## HOW TO COMPLETE THIS TASK
Each line of the material below that holds the word "layers" needs to be copied.

BEGIN DATA TO PROCESS

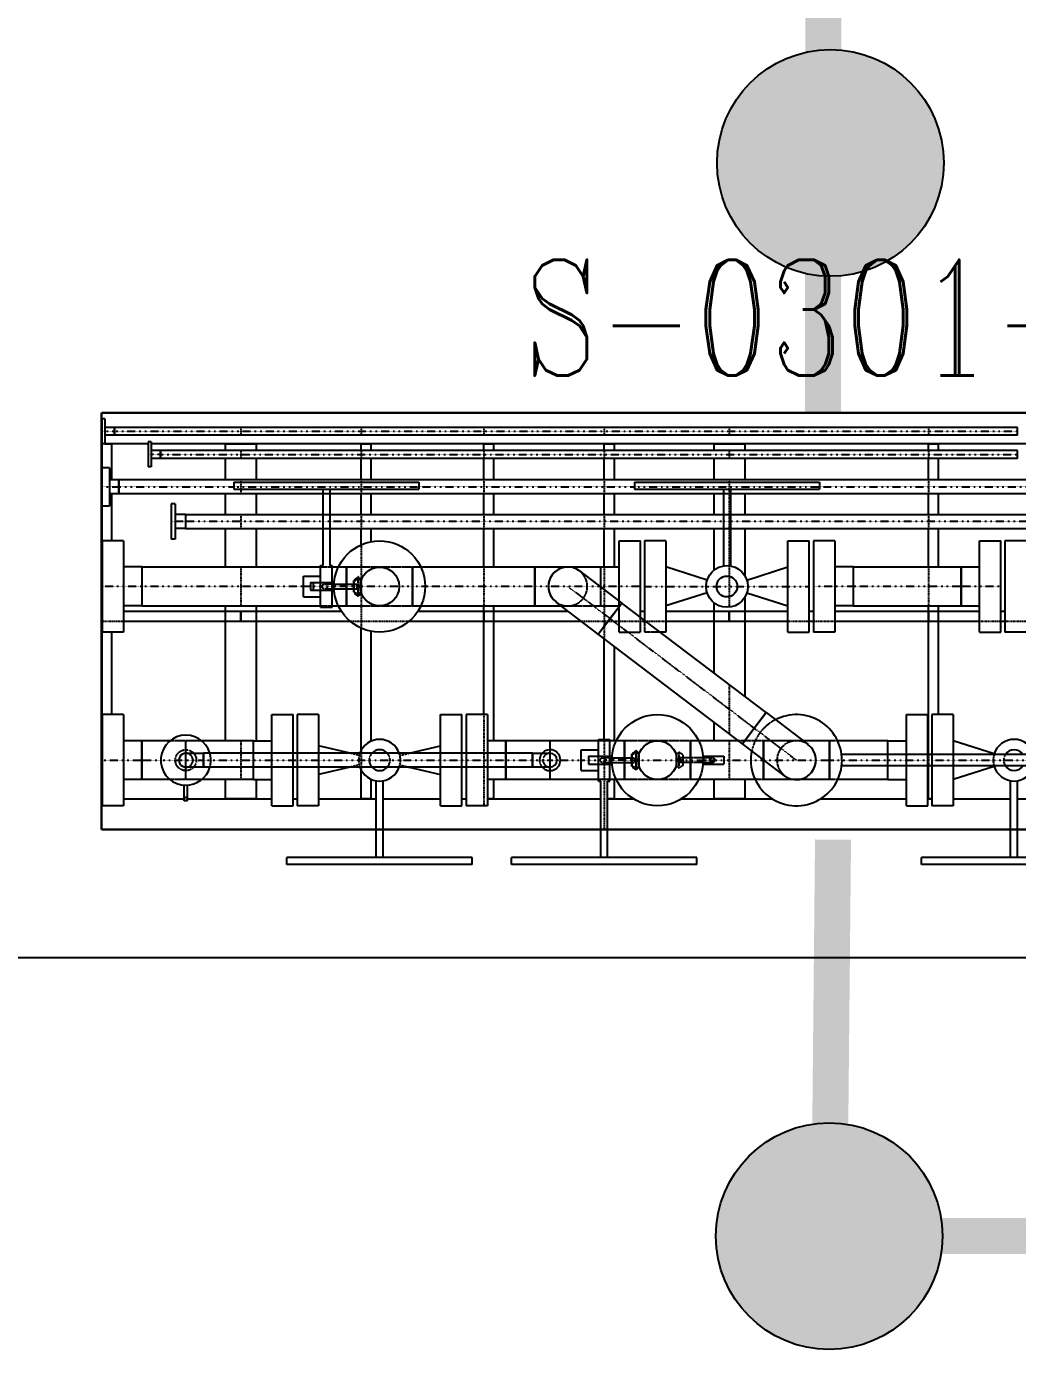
# Model space of a CAD drawing. Header units: millimetres. Extents: x -10011772 to -8149599, y 2847708 to 3434448.
# Drawn here: x -9525475 to -9516914, y 3138214 to 3149640 of the extents above; entities that cross this region are included whole.
import ezdxf

# ---------------------------------------------------------------- set-up
doc = ezdxf.new("R2010")
doc.units = ezdxf.units.MM
for name, pattern in [('DASHDOT2', [0.5, 0.25, -0.125, 0, -0.125]), ('DIVIDE2', [0.625, 0.25, -0.125, 0, -0.125, 0, -0.125]), ('HIDDEN2', [0.1875, 0.125, -0.0625])]:
    doc.linetypes.add(name, pattern=pattern)
doc.layers.add('总平面底图', color=9, linetype='Continuous')
doc.layers.add('电气-接地设计-接地线', color=3, linetype='接地线')
doc.styles.add('EESLTYPE', font='TXT.shx')
doc.styles.get("Standard").update_dxf_attribs({"font": 'romanc.SHX', "width": 0.75, "bigfont": 'hztxt.shx'})
doc.linetypes.add('接地线', pattern='A,500,["/",EESLTYPE,S=200,R=0,X=0,Y=-100],-200,60,-200', length=960)

# ---------------------------------------------------------------- blocks, each defined once
blk = doc.blocks.new('总平面底图 爆炸危险区 LOCATION I')
at = {"layer": '总平面底图'}
for p, q in [((212313.7, 107627.7), (212313.7, 109427.7)), ((212313.7, 109427.7), (218314.9, 109427.7)), ((218314.9, 107627.7), (212313.7, 107627.7)), ((212314.9, 107627.7), (218314.9, 107627.7)), ((236314.9, 107074.4), (206314.9, 107074.4))]:
    blk.add_line(p, q, dxfattribs=at)
at = {"layer": '总平面底图', "linetype": 'Continuous'}
for p, q in [((218314.9, 109427.7), (212314.9, 109427.7)), ((212314.9, 109294.4), (212314.9, 109427.7)), ((212315.4, 109401.7), (212315.4, 109347.7)), ((212328.2, 109401.7), (212315.4, 109401.7)), ((212315.4, 109347.7), (212315.4, 109293.7)), ((212328.2, 109401.7), (212328.2, 109347.7)), ((212369.3, 109364.4), (212328.2, 109364.4)), ((212328.2, 109347.7), (212328.2, 109293.7)), ((212369.3, 109331), (212369.3, 109364.4)), ((216269.9, 109364.4), (212369.3, 109364.4)), ((212369.3, 109364.4), (212369.3, 109347.7)), ((212369.3, 109347.7), (212369.3, 109331)), ((216269.9, 109331), (216269.9, 109364.4)), ((212315.4, 109294.4), (212314.9, 109294.4)), ((212314.9, 109294.4), (212315.4, 109294.4)), ((212314.9, 109294.4), (212314.9, 107761.1)), ((212328.2, 109293.7), (212315.4, 109293.7)), ((212369.3, 109331), (212328.2, 109331)), ((212514.9, 109294.4), (212328.2, 109294.4)), ((212328.2, 109294.4), (212358.6, 109294.4)), ((212358.6, 109137.9), (212358.6, 109294.4)), ((216269.9, 109331), (212369.3, 109331)), ((212514.9, 109301.7), (212514.9, 109247.7)), ((212527.6, 109301.7), (212514.9, 109301.7)), ((212527.6, 109301.7), (212527.6, 109247.7)), ((217657.4, 109294.4), (212527.6, 109294.4)), ((212848.2, 109294.4), (212848.2, 109264.4)), ((212848.2, 109294.4), (212981.6, 109294.4)), ((212981.6, 109294.4), (212981.6, 109264.4)), ((213434.9, 109294.4), (213478.6, 109294.4)), ((213434.9, 109264.4), (213434.9, 109294.4)), ((213478.6, 109264.4), (213478.6, 109294.4)), ((213964.9, 109264.4), (213964.9, 109294.4)), ((213964.9, 109294.4), (214008.6, 109294.4)), ((214008.6, 109264.4), (214008.6, 109294.4)), ((214484.9, 109294.4), (214528.6, 109294.4)), ((214484.9, 109264.4), (214484.9, 109294.4)), ((214528.6, 109264.4), (214528.6, 109294.4)), ((214958.2, 109294.4), (215091.6, 109294.4)), ((214958.2, 109294.4), (214958.2, 109264.4)), ((215091.6, 109294.4), (215091.6, 109264.4)), ((215884.9, 109294.4), (215928.6, 109294.4)), ((215884.9, 109264.4), (215884.9, 109294.4)), ((215928.6, 109264.4), (215928.6, 109294.4)), ((212514.9, 109247.7), (212514.9, 109193.7)), ((212568.7, 109264.4), (212527.6, 109264.4)), ((212527.6, 109247.7), (212527.6, 109193.7)), ((212568.7, 109264.4), (212568.7, 109247.7)), ((212568.7, 109231), (212568.7, 109264.4)), ((216269.9, 109264.4), (212568.7, 109264.4)), ((212568.7, 109247.7), (212568.7, 109231)), ((216269.9, 109231), (216269.9, 109264.4)), ((212315.4, 109190.3), (212315.4, 109107.7)), ((212348.8, 109190.3), (212315.4, 109190.3)), ((212348.8, 109190.3), (212348.8, 109107.7)), ((212527.6, 109193.7), (212514.9, 109193.7)), ((212568.7, 109231), (212527.6, 109231)), ((216269.9, 109231), (212568.7, 109231)), ((212848.2, 109231), (212848.2, 109137.9)), ((212981.6, 109231), (212981.6, 109137.9)), ((213434.9, 109137.9), (213434.9, 109231)), ((213478.6, 109137.9), (213478.6, 109231)), ((213964.9, 109137.9), (213964.9, 109231)), ((214008.6, 109137.9), (214008.6, 109231)), ((214484.9, 109137.9), (214484.9, 109231)), ((214528.6, 109137.9), (214528.6, 109231)), ((214958.2, 109231), (214958.2, 109137.9)), ((215091.6, 109231), (215091.6, 109137.9)), ((215884.9, 109137.9), (215884.9, 109231)), ((215928.6, 109137.9), (215928.6, 109231)), ((212388.6, 109137.9), (212348.8, 109137.9)), ((212388.6, 109137.9), (212388.6, 109107.7)), ((212388.6, 109077.6), (212388.6, 109137.9)), ((217657.4, 109137.9), (212388.6, 109137.9)), ((212884.6, 109127.7), (213684.6, 109127.7)), ((212884.6, 109127.7), (212884.6, 109097.7)), ((213684.6, 109127.7), (213684.6, 109097.7)), ((214614.9, 109127.7), (215014.9, 109127.7)), ((214614.9, 109127.7), (214614.9, 109097.7)), ((215014.9, 109127.7), (215414.9, 109127.7)), ((215414.9, 109127.7), (215414.9, 109097.7)), ((212315.4, 109107.7), (212315.4, 109025.2)), ((212348.8, 109107.7), (212348.8, 109025.2)), ((212388.6, 109077.6), (212348.8, 109077.6)), ((212358.6, 108874.6), (212358.6, 109077.6)), ((212388.6, 109107.7), (212388.6, 109077.6)), ((213269.6, 109077.6), (212388.6, 109077.6)), ((212848.2, 109077.6), (212848.2, 108987.9)), ((212884.6, 109097.7), (213684.6, 109097.7)), ((212981.6, 109077.6), (212981.6, 108987.9)), ((213269.6, 109097.7), (213269.6, 108767.7)), ((213299.6, 109097.7), (213299.6, 108767.7)), ((214999.9, 109077.6), (213299.6, 109077.6)), ((213434.9, 108987.9), (213434.9, 109077.6)), ((213478.6, 108987.9), (213478.6, 109077.6)), ((213964.9, 108987.9), (213964.9, 109077.6)), ((214008.6, 108987.9), (214008.6, 109077.6)), ((214484.9, 108987.9), (214484.9, 109077.6)), ((214528.6, 108987.9), (214528.6, 109077.6)), ((214614.9, 109097.7), (215014.9, 109097.7)), ((214958.2, 109077.6), (214958.2, 108987.9)), ((214999.9, 109097.7), (214999.9, 108766.5)), ((215014.9, 109097.7), (215414.9, 109097.7)), ((215029.9, 109097.7), (215029.9, 108766.5)), ((217657.4, 109077.6), (215029.9, 109077.6)), ((215091.6, 109077.6), (215091.6, 108987.9)), ((215884.9, 108987.9), (215884.9, 109077.6)), ((215928.6, 108987.9), (215928.6, 109077.6)), ((212348.8, 109025.2), (212315.4, 109025.2)), ((212614.9, 109033.9), (212614.9, 108957.7)), ((212632.4, 109033.9), (212614.9, 109033.9)), ((212632.4, 109033.9), (212632.4, 108957.7)), ((212614.9, 108957.7), (212614.9, 108881.5)), ((212676.9, 108987.9), (212632.4, 108987.9)), ((212632.4, 108957.7), (212632.4, 108881.5)), ((212676.9, 108987.9), (212676.9, 108957.7)), ((212676.9, 108987.9), (212676.9, 108957.7)), ((212676.9, 108987.9), (213269.6, 108987.9)), ((212676.9, 108957.7), (212676.9, 108927.6)), ((212676.9, 108957.7), (212676.9, 108927.6)), ((213299.6, 108987.9), (214999.9, 108987.9)), ((215029.9, 108987.9), (217601.4, 108987.9)), ((212676.9, 108927.6), (212632.4, 108927.6)), ((212676.9, 108927.6), (213269.6, 108927.6)), ((212848.2, 108927.6), (212848.2, 108761.9)), ((212981.6, 108927.6), (212981.6, 108761.9)), ((213299.6, 108927.6), (214999.9, 108927.6)), ((213434.9, 108857.6), (213434.9, 108927.6)), ((213478.6, 108871.2), (213478.6, 108927.6)), ((213964.9, 108761.9), (213964.9, 108927.6)), ((214008.6, 108761.9), (214008.6, 108927.6)), ((214484.9, 108761.9), (214484.9, 108927.6)), ((214528.6, 108761.9), (214528.6, 108927.6)), ((214958.2, 108927.6), (214958.2, 108747.6)), ((215029.9, 108927.6), (217601.4, 108927.6)), ((215091.6, 108927.6), (215091.6, 108724.8)), ((215884.9, 108761.9), (215884.9, 108927.6)), ((215928.6, 108761.9), (215928.6, 108927.6)), ((212316.2, 108874.6), (212316.2, 108677.7)), ((212408.3, 108874.6), (212316.2, 108874.6)), ((212408.3, 108874.6), (212408.3, 108677.7)), ((212632.4, 108881.5), (212614.9, 108881.5)), ((214549.7, 108677.7), (214549.7, 108874.6)), ((214549.7, 108874.6), (214641.8, 108874.6)), ((214641.8, 108677.7), (214641.8, 108874.6)), ((214659.3, 108874.6), (214659.3, 108677.7)), ((214751.3, 108874.6), (214659.3, 108874.6)), ((214751.3, 108874.6), (214751.3, 108677.7)), ((215278.4, 108677.7), (215278.4, 108874.6)), ((215278.4, 108874.6), (215370.5, 108874.6)), ((215370.5, 108677.7), (215370.5, 108874.6)), ((215388, 108874.6), (215388, 108677.7)), ((215480.1, 108874.6), (215388, 108874.6)), ((215480.1, 108874.6), (215480.1, 108677.7)), ((216105.3, 108677.7), (216105.3, 108874.6)), ((216105.3, 108874.6), (216197.4, 108874.6)), ((216197.4, 108677.7), (216197.4, 108874.6)), ((216214.9, 108874.6), (216214.9, 108677.7)), ((216306.9, 108874.6), (216214.9, 108874.6)), ((212487.7, 108761.9), (212408.3, 108761.9)), ((212487.7, 108761.9), (212487.7, 108677.7)), ((212487.7, 108761.9), (212487.7, 108593.6)), ((212487.7, 108761.9), (213259.9, 108761.9)), ((213185.9, 108632.7), (213185.9, 108722.7)), ((213185.9, 108722.7), (213259.9, 108722.7)), ((213259.9, 108694.4), (213259.9, 108767.7)), ((213259.9, 108767.7), (213269.6, 108767.7)), ((213299.6, 108767.7), (213309.3, 108767.7)), ((213309.3, 108694.4), (213309.3, 108767.7)), ((213309.3, 108761.9), (213336.9, 108761.9)), ((213692.8, 108761.9), (214184.8, 108761.9)), ((214184.8, 108677.7), (214184.8, 108761.9)), ((214184.8, 108761.9), (214470.3, 108761.9)), ((214184.8, 108761.9), (214184.8, 108593.6)), ((214378.5, 108744.7), (214560.5, 108606.4)), ((214470.3, 108677.7), (214470.3, 108761.9)), ((214470.3, 108677.7), (214470.3, 108761.9)), ((214470.3, 108761.9), (214549.7, 108761.9)), ((214751.4, 108761.9), (214751.4, 108593.6)), ((214929.1, 108705.1), (214751.4, 108761.9)), ((215100.6, 108705.1), (215278.4, 108761.9)), ((215278.4, 108677.7), (215278.4, 108761.9)), ((215559.4, 108761.9), (215480.1, 108761.9)), ((215559.4, 108761.9), (215559.4, 108677.7)), ((215559.4, 108761.9), (215559.4, 108593.6)), ((215559.4, 108761.9), (216025.9, 108761.9)), ((216025.9, 108677.7), (216025.9, 108761.9)), ((216025.9, 108761.9), (216105.3, 108761.9)), ((216025.9, 108761.9), (216025.9, 108593.6)), ((212316.2, 108677.7), (212316.2, 108480.9)), ((212408.3, 108677.7), (212408.3, 108480.9)), ((212487.7, 108677.7), (212487.7, 108593.6)), ((213216.5, 108694.4), (213228.2, 108694.4)), ((213216.5, 108694.4), (213216.5, 108661.1)), ((213228.2, 108694.4), (213278.2, 108694.4)), ((213228.2, 108694.4), (213228.2, 108661.1)), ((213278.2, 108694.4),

END DATA TO PROCESS

## REPLY TO THE EXERCISE
doc.layers.add('总平面底图', color=9, linetype='Continuous')
doc.layers.add('电气-接地设计-接地线', color=3, linetype='接地线')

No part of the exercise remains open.